Neighbors admits he is ready for Mason to be back on the court.

“I’m so excited to get her off the bench during the game," Neighbors said. “That is a kid who was like another coach over there. I’m ready for her to be a player again. She sees the game like a coach.  I think the year will help her. I say that halfway kidding. She did so many things for us that we miss. She is our best transition talker on defense, so somebody else had to take that over all last year. We get that back.

“She was our best what we call 'fixer' on defense.  She understood and had a deep, deep grasp of understanding what our opponents were trying to do and an uncanny ability to fix mistakes that we were making or about to make.  We get that back."

Mason served as the scout team’s best player last season, impersonating the SEC’s best players such as Texas A&M’s Chennedy Carter, Kentucky’s Rhyne Howard and South Carolina’s Tyasha Harris.

“She got to stretch her game,” Neighbors said. “As a result she became the kid who got 41. I think you are going to see a confident offensive attacker and bring back to us what we already knew in a tremendous teammate, great leader and somebody that helps us so much defensively. 

“…I think our defensive numbers will improve drastically. She’s a good rebounder and, like I said, she is a great 'fixer' for us defensively.”

Eaton is ranked 38th nationally by ESPN.

“If you were to draw up a prototypical player for us, it’s Elauna,” Neighbors said. “Can score. Can drive. Can pass. Can defend. You look at the senior year she had and what she did rebounding ... we really implored her to not come in here expecting a freshman transition period. She needs to come in here ready to play.

“She is prototypical for what we look for in our perimeter players. She’s got a fast learning curve. She’s been very inquisitive. She’s probably the most devastated in not being able to be here already. She would have already been here. She would already be working out, so trying to keep her patient and help her understand that we’ve got great expectations for her where she won’t get a normal freshman adjustment period.”
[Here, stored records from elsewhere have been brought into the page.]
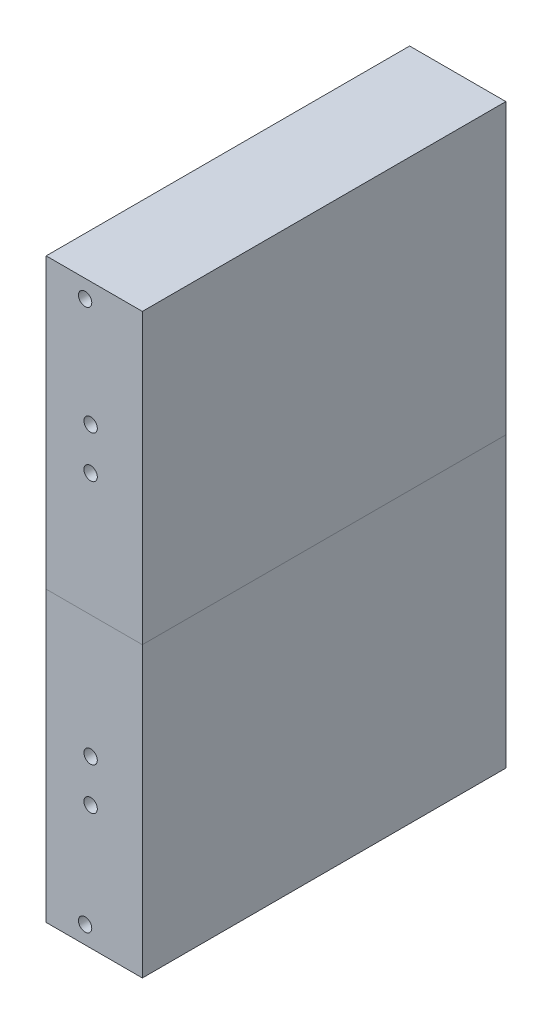
from build123d import *

# Parameters (mm, degrees)
SKETCH1_W           = 57.15
SKETCH1_H           = 171.45
BOSS_EXTRUDE1_DEPTH = 215.9
SKETCH2_R           = 3.175
CUT_EXTRUDE1_DEPTH  = 46.7399878
SKETCH3_R           = 3.96875
CUT_EXTRUDE2_DEPTH  = 13.0400044
SKETCH4_R           = 3.175
CUT_EXTRUDE3_DEPTH  = 35.1600008
SKETCH5_R           = 3.175
CUT_EXTRUDE4_DEPTH  = 94.6600088
SKETCH6_R           = 3.96875
CUT_EXTRUDE5_DEPTH  = 10.16
SKETCH7_R           = 3.96875
CUT_EXTRUDE6_DEPTH  = 69.660008


with BuildPart() as part:
    # Sketch1 → Boss-Extrude1 (new body)
    with BuildSketch(Plane.XY):
        with Locations((28.575, 85.725)):
            Rectangle(SKETCH1_W, SKETCH1_H)
    extrude(amount=BOSS_EXTRUDE1_DEPTH)

    # Sketch2 → Cut-Extrude1 (cut)
    with BuildSketch(Plane(origin=(0, 0, 0), x_dir=(-1, 0, 0), z_dir=(0, 0, -1))):
        with Locations((-24.41, 70.569)):
            Circle(SKETCH2_R)
    extrude(amount=-CUT_EXTRUDE1_DEPTH, mode=Mode.SUBTRACT)

    # Sketch3 → Cut-Extrude2 (cut)
    with BuildSketch(Plane(origin=(0, 0, 0), x_dir=(-1, 0, 0), z_dir=(0, 0, -1))):
        with Locations((-24.41, 70.569)):
            Circle(SKETCH3_R)
    extrude(amount=-CUT_EXTRUDE2_DEPTH, mode=Mode.SUBTRACT)

    # Sketch4 → Cut-Extrude3 (cut)
    with BuildSketch(Plane.XY.offset(215.9)):
        with Locations((26.41, 73.569)):
            Circle(SKETCH4_R)
        with Locations((26.41, 98.569)):
            Circle(SKETCH4_R)
    extrude(amount=-CUT_EXTRUDE3_DEPTH, mode=Mode.SUBTRACT)

    # Sketch5 → Cut-Extrude4 (cut)
    with BuildSketch(Plane.XY.offset(215.9)):
        with Locations((23.13, 10.569)):
            Circle(SKETCH5_R)
    extrude(amount=-CUT_EXTRUDE4_DEPTH, mode=Mode.SUBTRACT)

    # Sketch6 → Cut-Extrude5 (cut)
    with BuildSketch(Plane.XY.offset(215.9)):
        with Locations((26.41, 73.569)):
            Circle(SKETCH6_R)
        with Locations((26.41, 98.569)):
            Circle(SKETCH6_R)
    extrude(amount=-CUT_EXTRUDE5_DEPTH, mode=Mode.SUBTRACT)

    # Sketch7 → Cut-Extrude6 (cut)
    with BuildSketch(Plane.XY.offset(215.9)):
        with Locations((23.13, 10.569)):
            Circle(SKETCH7_R)
    extrude(amount=-CUT_EXTRUDE6_DEPTH, mode=Mode.SUBTRACT)


with BuildPart() as body_2:
    # Mirror2: mirrored copy
    add(part.part.mirror(Plane(origin=(0, 171.45, 215.9), x_dir=(0, 0, 1), z_dir=(0, -1, 0))))


solid = Compound([part.part, body_2.part])

Redshirt freshmen Destinee Oberg (6-3) and Eyrnn Barnum (6-2), both who were injured last season, should join with McGhee in helping returning starter Tayla Thomas (6-1) up front.

“We need one of them to come back in the best shape of their lives,” Neighbors said. “Need to come back in great shape, ready to be competitive with each other without being overly competitive. The battle for playing time is hard. We need those kids to understand there’s a role to be filled.”